# HTML mit Filezilla hochladen



## hmfan (11. Februar 2012)

Hallo allerseits,

ich musste für die uni eine homepage mit html erstellen und mit filezilla hochladen. mit html habe ich das erstellt, quasi wie ein word-dokument mit bildern und text? wie lade ich das jetzt hoch?
ich habe bei filezillla als serversftp://blabla@uni-x.de , meinen Benutzernamen usw plus port 22 eingegeben, per drag and drop die sache von links nach rechts gezogen, be transfer die warteschlange abgearbeitet, aber auf der seite erschien nichts , was habe ich da falsch gemacht? bräuchte dringende hilfe bitte 

LG

hmfan


----------



## javaDeveloper2011 (12. Februar 2012)

Hi hmfan,

Willkommen bei tutorials.de!

Geh mal unten auf den mittleren Tab "Fehlgeschlagene Übertragungen", dort müsste in der letzten Spalte der Grund stehen.

Gruß javaDeveloper2011


----------



## hmfan (12. Februar 2012)

Danke, aber da steht nichts......


----------



## René1 (13. Februar 2012)

du musst darauf achten, dass die Datei die als Startseite angezeigt werden soll index.html heißt.


----------



## Chris_ist_online (21. Februar 2012)

Das Uploaden war warsch. schon richtig, aber Word-Dokumente kann der Browser nicht lesen.

(evtl. kannst du uns die Loggs offen legen?!)

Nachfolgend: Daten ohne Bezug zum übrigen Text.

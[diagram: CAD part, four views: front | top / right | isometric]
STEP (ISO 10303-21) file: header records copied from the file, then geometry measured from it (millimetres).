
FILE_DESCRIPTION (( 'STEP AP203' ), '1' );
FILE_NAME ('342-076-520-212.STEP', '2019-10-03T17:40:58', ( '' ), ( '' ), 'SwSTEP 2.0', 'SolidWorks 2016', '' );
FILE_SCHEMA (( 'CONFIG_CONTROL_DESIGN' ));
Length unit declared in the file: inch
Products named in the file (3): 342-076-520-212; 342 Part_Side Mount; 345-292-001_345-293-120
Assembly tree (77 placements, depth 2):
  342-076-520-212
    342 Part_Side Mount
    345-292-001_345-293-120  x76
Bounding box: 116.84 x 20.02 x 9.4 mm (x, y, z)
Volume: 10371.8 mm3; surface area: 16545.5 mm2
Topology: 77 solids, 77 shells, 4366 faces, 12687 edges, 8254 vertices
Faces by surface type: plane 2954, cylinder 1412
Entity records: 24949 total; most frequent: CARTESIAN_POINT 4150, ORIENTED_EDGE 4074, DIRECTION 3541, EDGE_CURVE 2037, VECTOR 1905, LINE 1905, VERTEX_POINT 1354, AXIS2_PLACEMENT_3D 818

Du musst hierfür den Text als HTML-Text umformatieren. 


Der nun neue Quellcode wird dann keine sofort sichtbaren Formatierungen haben, sondern durch Zeichen wie <b> formatiert. Hierfür empfehle ich dir Bücher (für HTML und CSS) zu lesen.

Wie mein Vorredner bereits gesagt hatte: Die Datei dann "index.html" nennen 


Gruß


----------



## DexXxtrin (23. Februar 2012)

Und darauf achten, dass sie im richtigen Verzeichnis abgelegt ist...


----------